- Work request: Track down every line below that holds "copper" and copy it.

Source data
[Start of section]

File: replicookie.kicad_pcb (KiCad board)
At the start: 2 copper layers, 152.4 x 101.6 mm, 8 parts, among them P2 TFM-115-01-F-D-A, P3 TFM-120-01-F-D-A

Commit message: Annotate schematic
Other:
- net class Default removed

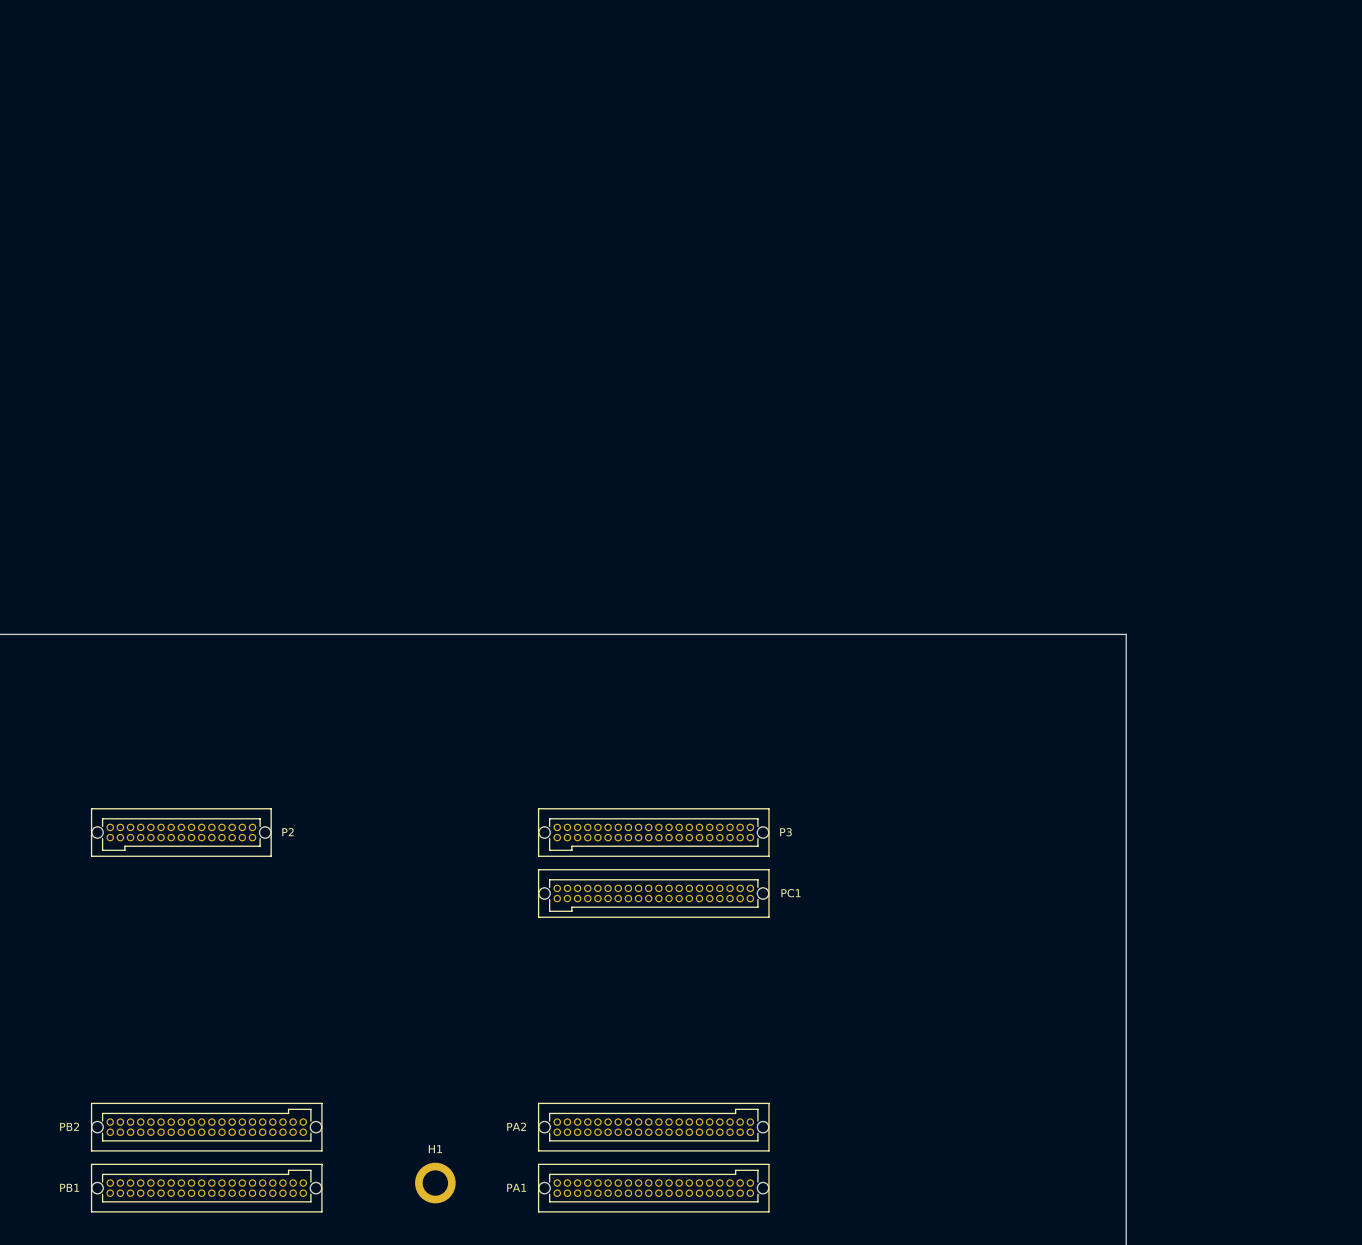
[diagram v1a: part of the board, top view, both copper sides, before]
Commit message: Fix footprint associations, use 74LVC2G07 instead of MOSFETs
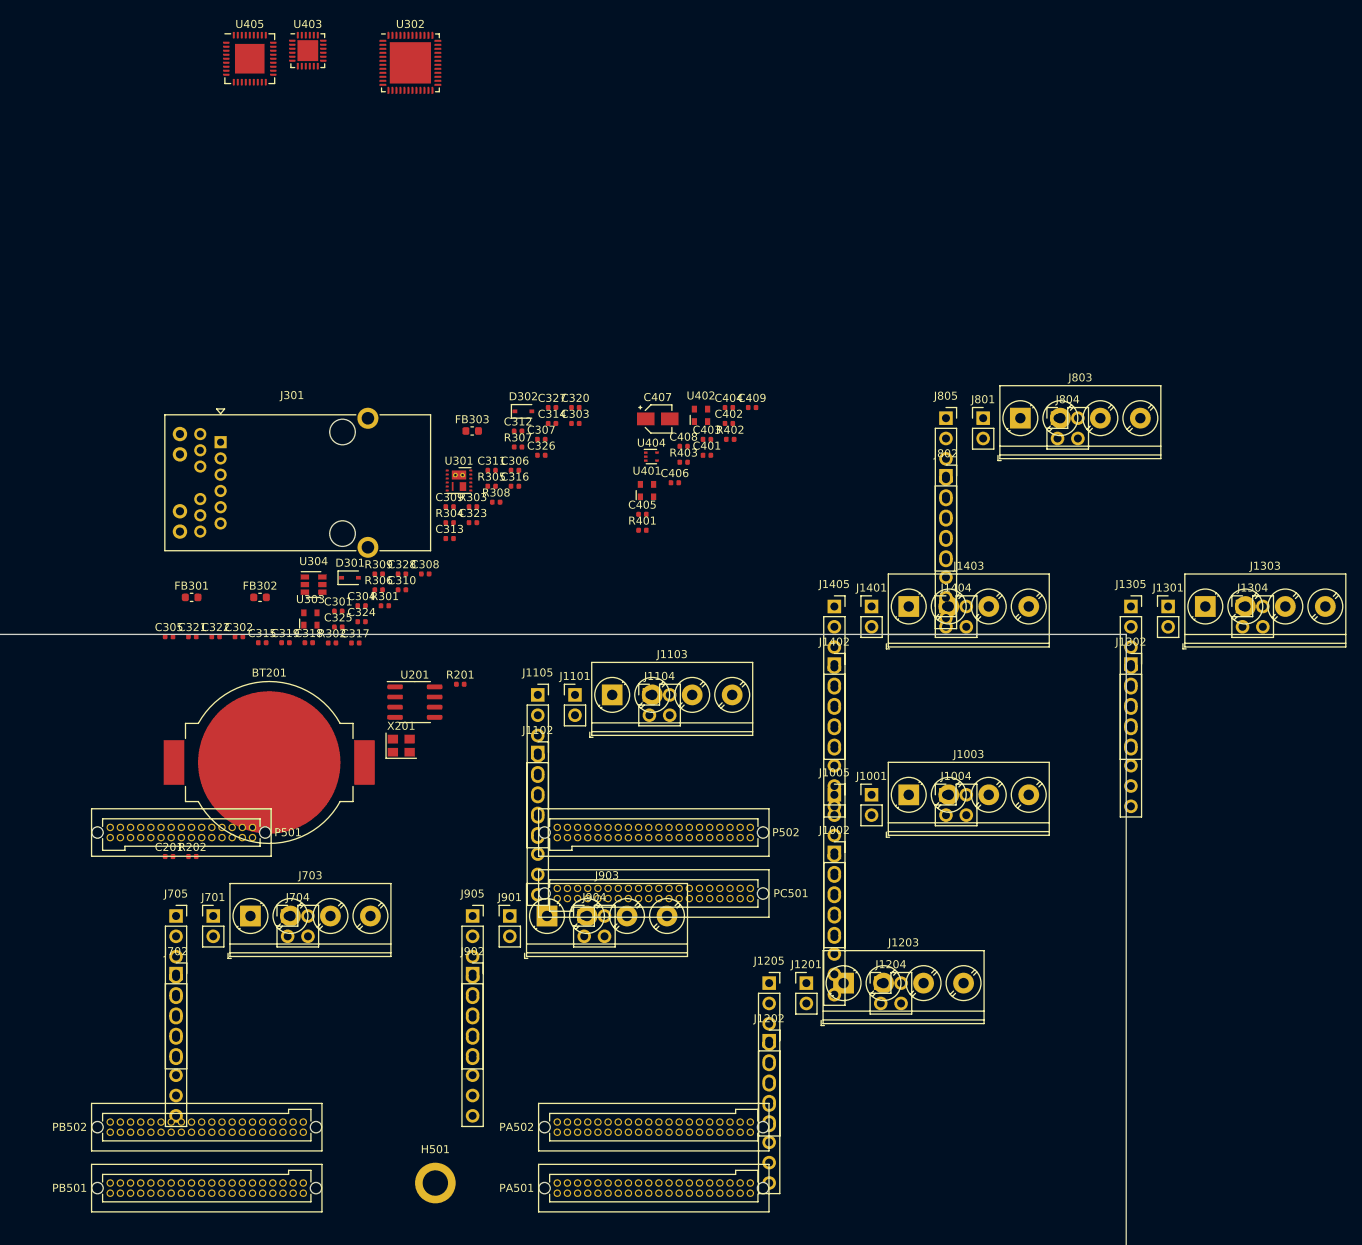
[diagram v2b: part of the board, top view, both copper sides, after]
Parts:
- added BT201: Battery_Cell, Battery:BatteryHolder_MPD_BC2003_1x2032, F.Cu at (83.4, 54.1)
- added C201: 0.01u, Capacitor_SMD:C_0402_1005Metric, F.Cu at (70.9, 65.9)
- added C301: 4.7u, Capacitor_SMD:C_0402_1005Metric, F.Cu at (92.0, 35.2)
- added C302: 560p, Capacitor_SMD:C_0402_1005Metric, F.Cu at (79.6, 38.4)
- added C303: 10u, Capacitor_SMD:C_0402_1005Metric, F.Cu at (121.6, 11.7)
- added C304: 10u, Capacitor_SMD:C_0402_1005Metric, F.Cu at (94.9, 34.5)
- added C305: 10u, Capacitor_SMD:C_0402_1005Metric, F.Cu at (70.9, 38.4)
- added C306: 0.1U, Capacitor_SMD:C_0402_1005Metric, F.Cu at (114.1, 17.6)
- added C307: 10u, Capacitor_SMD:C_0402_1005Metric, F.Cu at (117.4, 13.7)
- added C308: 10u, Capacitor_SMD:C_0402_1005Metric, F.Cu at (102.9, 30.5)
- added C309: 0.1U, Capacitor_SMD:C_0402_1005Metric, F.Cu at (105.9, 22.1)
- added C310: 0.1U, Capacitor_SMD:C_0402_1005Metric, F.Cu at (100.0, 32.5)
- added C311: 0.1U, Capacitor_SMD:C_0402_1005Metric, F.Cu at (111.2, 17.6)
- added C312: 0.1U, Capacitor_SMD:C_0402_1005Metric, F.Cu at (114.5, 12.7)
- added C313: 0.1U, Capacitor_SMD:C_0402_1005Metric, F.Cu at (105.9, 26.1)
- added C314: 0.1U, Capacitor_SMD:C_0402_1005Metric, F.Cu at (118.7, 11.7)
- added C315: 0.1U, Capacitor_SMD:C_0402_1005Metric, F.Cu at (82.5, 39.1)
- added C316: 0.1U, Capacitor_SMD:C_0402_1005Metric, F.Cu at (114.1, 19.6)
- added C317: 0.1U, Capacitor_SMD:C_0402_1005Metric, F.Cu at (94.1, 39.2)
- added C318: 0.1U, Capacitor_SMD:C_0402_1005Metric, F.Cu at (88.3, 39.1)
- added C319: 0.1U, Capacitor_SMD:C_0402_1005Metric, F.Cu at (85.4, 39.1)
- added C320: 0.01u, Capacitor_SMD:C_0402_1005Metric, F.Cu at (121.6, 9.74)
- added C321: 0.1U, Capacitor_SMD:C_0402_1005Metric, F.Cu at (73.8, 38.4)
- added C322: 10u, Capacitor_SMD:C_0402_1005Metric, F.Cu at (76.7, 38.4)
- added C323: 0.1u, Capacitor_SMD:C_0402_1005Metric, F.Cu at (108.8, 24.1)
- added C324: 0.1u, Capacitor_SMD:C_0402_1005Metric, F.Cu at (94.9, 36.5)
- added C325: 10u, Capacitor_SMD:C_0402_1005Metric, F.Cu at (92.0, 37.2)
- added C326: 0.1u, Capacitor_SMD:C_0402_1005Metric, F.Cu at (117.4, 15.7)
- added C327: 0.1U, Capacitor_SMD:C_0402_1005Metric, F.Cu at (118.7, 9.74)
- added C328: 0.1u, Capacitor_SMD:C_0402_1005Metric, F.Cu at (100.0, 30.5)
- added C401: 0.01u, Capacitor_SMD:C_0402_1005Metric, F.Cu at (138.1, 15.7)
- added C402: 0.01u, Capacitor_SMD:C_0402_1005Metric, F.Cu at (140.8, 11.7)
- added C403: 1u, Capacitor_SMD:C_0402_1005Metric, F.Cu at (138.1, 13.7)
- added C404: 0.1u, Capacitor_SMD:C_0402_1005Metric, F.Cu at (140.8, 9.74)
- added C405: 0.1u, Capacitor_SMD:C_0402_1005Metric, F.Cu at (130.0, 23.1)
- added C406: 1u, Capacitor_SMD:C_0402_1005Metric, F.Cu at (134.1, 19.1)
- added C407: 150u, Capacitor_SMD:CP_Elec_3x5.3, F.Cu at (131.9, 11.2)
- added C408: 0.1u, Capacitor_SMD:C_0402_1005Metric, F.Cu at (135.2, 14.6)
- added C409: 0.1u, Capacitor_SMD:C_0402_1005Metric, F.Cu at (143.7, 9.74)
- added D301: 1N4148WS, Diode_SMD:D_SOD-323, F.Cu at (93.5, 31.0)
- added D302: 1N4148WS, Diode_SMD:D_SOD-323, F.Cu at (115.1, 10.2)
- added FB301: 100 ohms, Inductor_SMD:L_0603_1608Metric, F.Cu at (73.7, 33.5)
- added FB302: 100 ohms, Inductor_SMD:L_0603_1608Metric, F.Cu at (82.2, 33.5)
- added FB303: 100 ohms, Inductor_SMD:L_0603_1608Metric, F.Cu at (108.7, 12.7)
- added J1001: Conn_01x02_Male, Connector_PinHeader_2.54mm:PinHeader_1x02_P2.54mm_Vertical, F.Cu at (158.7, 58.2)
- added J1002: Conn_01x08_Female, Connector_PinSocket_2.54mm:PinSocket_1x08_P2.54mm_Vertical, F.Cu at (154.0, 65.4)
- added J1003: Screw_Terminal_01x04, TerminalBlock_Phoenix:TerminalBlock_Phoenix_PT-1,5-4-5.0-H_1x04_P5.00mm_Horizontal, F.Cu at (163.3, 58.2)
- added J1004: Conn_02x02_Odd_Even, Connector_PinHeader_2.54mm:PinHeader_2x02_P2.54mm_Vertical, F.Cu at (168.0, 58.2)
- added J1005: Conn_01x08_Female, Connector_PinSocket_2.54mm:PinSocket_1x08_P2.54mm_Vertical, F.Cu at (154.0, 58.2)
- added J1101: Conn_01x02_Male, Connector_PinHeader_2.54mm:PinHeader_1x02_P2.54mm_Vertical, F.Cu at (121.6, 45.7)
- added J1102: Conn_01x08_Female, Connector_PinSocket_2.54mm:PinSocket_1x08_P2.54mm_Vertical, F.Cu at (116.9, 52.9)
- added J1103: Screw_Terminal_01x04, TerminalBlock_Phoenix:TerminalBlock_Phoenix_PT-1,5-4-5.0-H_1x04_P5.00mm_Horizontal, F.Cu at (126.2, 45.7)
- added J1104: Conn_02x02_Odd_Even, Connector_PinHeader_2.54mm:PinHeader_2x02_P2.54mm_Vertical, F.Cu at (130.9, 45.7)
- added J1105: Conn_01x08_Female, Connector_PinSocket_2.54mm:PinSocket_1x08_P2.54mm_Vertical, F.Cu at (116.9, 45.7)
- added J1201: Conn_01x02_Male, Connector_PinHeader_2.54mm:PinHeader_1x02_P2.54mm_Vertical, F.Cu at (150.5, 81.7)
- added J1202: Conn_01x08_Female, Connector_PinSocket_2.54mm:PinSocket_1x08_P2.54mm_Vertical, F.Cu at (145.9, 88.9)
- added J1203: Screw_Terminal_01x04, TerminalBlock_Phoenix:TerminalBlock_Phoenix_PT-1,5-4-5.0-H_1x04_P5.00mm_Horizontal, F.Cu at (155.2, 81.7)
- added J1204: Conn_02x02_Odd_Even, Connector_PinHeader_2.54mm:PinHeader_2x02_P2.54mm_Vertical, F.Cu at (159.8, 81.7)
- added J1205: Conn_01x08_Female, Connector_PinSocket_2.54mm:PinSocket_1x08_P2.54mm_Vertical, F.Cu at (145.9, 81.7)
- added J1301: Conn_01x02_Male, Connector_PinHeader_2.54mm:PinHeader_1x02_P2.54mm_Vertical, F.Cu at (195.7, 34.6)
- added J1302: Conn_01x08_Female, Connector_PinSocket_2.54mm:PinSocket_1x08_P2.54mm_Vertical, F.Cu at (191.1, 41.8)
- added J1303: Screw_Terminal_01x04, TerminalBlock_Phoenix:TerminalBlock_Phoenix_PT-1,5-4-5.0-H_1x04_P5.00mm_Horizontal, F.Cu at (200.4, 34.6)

[End of section]

- Final answer:
At the start: 2 copper layers, 152.4 x 101.6 mm, 8 parts, among them P2 TFM-115-01-F-D-A, P3 TFM-120-01-F-D-A
[diagram v1a: part of the board, top view, both copper sides, before]
[diagram v2b: part of the board, top view, both copper sides, after]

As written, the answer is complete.